_Your objective_:
Starting with the line that holds "Sum2/2, fictional PZT 0.408 rad/V/1", copy out each remaining line of the listing below, up to and including the last one, and include nothing else.

_Data extract_:
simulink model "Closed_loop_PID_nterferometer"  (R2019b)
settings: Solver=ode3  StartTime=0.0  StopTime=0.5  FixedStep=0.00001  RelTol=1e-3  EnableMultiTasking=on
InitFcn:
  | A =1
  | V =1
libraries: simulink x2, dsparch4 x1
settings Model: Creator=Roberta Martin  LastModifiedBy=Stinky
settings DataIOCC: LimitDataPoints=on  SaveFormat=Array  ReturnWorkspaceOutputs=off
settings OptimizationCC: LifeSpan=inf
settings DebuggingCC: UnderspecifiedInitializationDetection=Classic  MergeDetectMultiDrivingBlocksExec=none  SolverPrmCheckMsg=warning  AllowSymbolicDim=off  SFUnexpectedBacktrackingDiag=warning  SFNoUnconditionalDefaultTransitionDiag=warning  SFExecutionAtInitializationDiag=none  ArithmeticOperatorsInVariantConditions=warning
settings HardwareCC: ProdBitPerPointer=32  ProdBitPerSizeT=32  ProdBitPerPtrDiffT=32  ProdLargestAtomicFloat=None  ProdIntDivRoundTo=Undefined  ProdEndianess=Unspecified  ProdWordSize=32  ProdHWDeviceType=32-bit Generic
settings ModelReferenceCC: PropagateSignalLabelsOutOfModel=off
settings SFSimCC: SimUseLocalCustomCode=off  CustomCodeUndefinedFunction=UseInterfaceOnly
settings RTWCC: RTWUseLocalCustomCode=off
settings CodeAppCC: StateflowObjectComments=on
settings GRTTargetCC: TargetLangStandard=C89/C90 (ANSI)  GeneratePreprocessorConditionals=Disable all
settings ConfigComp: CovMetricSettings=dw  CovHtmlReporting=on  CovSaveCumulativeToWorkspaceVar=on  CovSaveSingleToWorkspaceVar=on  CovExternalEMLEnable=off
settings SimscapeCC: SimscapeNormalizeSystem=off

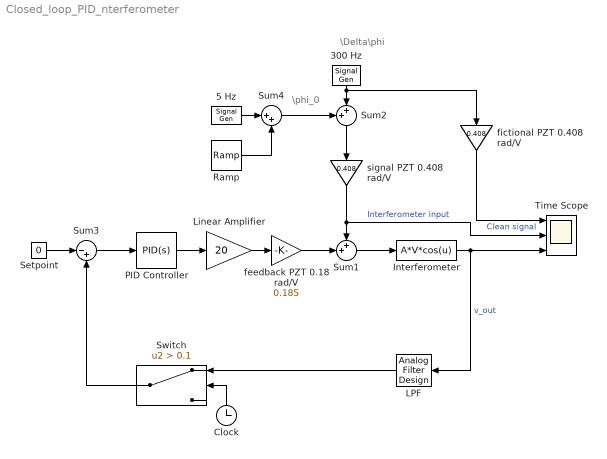
== system Closed_loop_PID_nterferometer ==
  note: \phi_0
  note: \Delta\phi
  " 5 Hz" : SignalGenerator  Amplitude=2  Frequency=5
  "300 Hz " : SignalGenerator  Frequency=300
  Clock : Clock
  Interferometer : Fcn  Expr=A*V*cos(u)
  LPF : dsparch4/Analog Filter Design  method=Butterworth  filttype=Lowpass  N=1  Wlo=20*2*pi()  Whi=80  Rp=2  Rs=40
  Linear Amplifier : Gain  Gain=20
  PID Controller : simulink/Continuous/PID Controller  Controller=PID  Form=Parallel  TimeDomain=Continuous-time  SampleTime=-1  IntegratorMethod=Forward Euler  FilterMethod=Forward Euler  ControllerParametersSource=internal  P=136  I=1  D=0  UseFilter=on  N=0  TunerSelectOption=Transfer Function Based (PID Tuner App)  InitialConditionSource=internal  InitialConditionForIntegrator=0  InitialConditionForFilter=0  DifferentiatorICPrevScaledInput=0  ExternalReset=none  TrackingMode=off  Kt=1  LimitOutput=off  UpperSaturationLimit=inf  LowerSaturationLimit=-inf  LinearizeAsGain=on  AntiWindupMode=none  Kb=1  POutMin=[]  POutMax=[]  IOutMin=[]  IOutMax=[]  DOutMin=[]  DOutMax=[]  NOutMin=[]  NOutMax=[]  SumOutMin=[]  SumOutMax=[]  SaturationOutMin=[]  SaturationOutMax=[]  PParamMin=[]  PParamMax=[]  IParamMin=[]  IParamMax=[]  DParamMin=[]  DParamMax=[]  NParamMin=[]  NParamMax=[]  KbParamMin=[]  KbParamMax=[]  KtParamMin=[]  KtParamMax=[]  KbOutMin=[]  KbOutMax=[]  KtOutMin=[]  KtOutMax=[]  IntegratorOutMin=[]  IntegratorOutMax=[]  FilterOutMin=[]  FilterOutMax=[]  SumI1OutMin=[]  SumI1OutMax=[]  SumI2OutMin=[]  SumI2OutMax=[]  SumI3OutMin=[]  SumI3OutMax=[]  SumI4OutMin=[]  SumI4OutMax=[]  SumDOutMin=[]  SumDOutMax=[]  DifferentiatorOutMin=[]  DifferentiatorOutMax=[]  FilterDiffOutCoefMin=[]  FilterDiffOutCoefMax=[]  ReciprocalOutMin=[]  ReciprocalOutMax=[]  SumDenOutMin=[]  SumDenOutMax=[]  SumNumOutMin=[]  SumNumOutMax=[]  DivideOutMin=[]  DivideOutMax=[]  IntegratorContinuousStateAttributes=''  IntegratorStateMustResolveToSignalObject=off  IntegratorRTWStateStorageClass=Auto  FilterContinuousStateAttributes=''  FilterStateMustResolveToSignalObject=off  FilterRTWStateStorageClass=Auto  ParallelPVariant=InternalParameters  IdealPVariant=Disabled  IVariant=InternalParameters  DVariant=InternalParameters  IntegratorVariant=Continuous  SatVariant=Disabled  AWVariant=Passthrough  PCopyVariant=Disabled  TRVariant=Disabled  FdbkBlocksVariant=Forward  IdealPFdbkVariant=Disabled  SatFdbkVariant=Disabled  DerivativeFilterVariant=ContFilter  NVariant=InternalParameters  NCopyVariant=Disabled  FilterICVariant=InternalICsFilter  IntegratorICVariant=InternalICs  ExternalResetVariant=Disabled  TRSumVariant=Passthrough  SumFdbkVariant=Disabled  SumVariant=Sum_PID
  Ramp : simulink/Sources/Ramp  slope=50  start=0  InitialOutput=0
  Setpoint : Constant  Value=0
  Sum1 : Sum  Inputs=++|
  Sum2 : Sum  Inputs=++|
  Sum3 : Sum  Inputs=|-+
  Sum4 : Sum  Inputs=|++
  Switch : Switch  Criteria=u2 > Threshold  Threshold=0.1
  Time Scope : Scope  NumInputPorts=3
  feedback PZT 0.18 rad/V : Gain  Gain=0.185
  fictional PZT 0.408 rad/V : Gain  Gain=0.408
  signal PZT 0.408 rad/V : Gain  Gain=0.408
  wires:
  Interferometer/1 -> LPF/1, Time Scope/3  "v_out"
  Sum1/1 -> Interferometer/1
  signal PZT 0.408 rad/V/1 -> Time Scope/2, Sum1/1  "Interferometer input"
  Sum2/1 -> signal PZT 0.408 rad/V/1
  "300 Hz "/1 -> Sum2/2, fictional PZT 0.408 rad/V/1
  Setpoint/1 -> Sum3/1
  fictional PZT 0.408 rad/V/1 -> Time Scope/1  "Clean signal"
  Switch/1 -> Sum3/2
  Clock/1 -> Switch/2
  Sum4/1 -> Sum2/1
  " 5 Hz"/1 -> Sum4/1
  Ramp/1 -> Sum4/2
  Sum3/1 -> PID Controller/1
  LPF/1 -> Switch/1
  Linear Amplifier/1 -> feedback PZT 0.18 rad/V/1
  feedback PZT 0.18 rad/V/1 -> Sum1/2
  PID Controller/1 -> Linear Amplifier/1

_Expected answer_:
  "300 Hz "/1 -> Sum2/2, fictional PZT 0.408 rad/V/1
  Setpoint/1 -> Sum3/1
  fictional PZT 0.408 rad/V/1 -> Time Scope/1  "Clean signal"
  Switch/1 -> Sum3/2
  Clock/1 -> Switch/2
  Sum4/1 -> Sum2/1
  " 5 Hz"/1 -> Sum4/1
  Ramp/1 -> Sum4/2
  Sum3/1 -> PID Controller/1
  LPF/1 -> Switch/1
  Linear Amplifier/1 -> feedback PZT 0.18 rad/V/1
  feedback PZT 0.18 rad/V/1 -> Sum1/2
  PID Controller/1 -> Linear Amplifier/1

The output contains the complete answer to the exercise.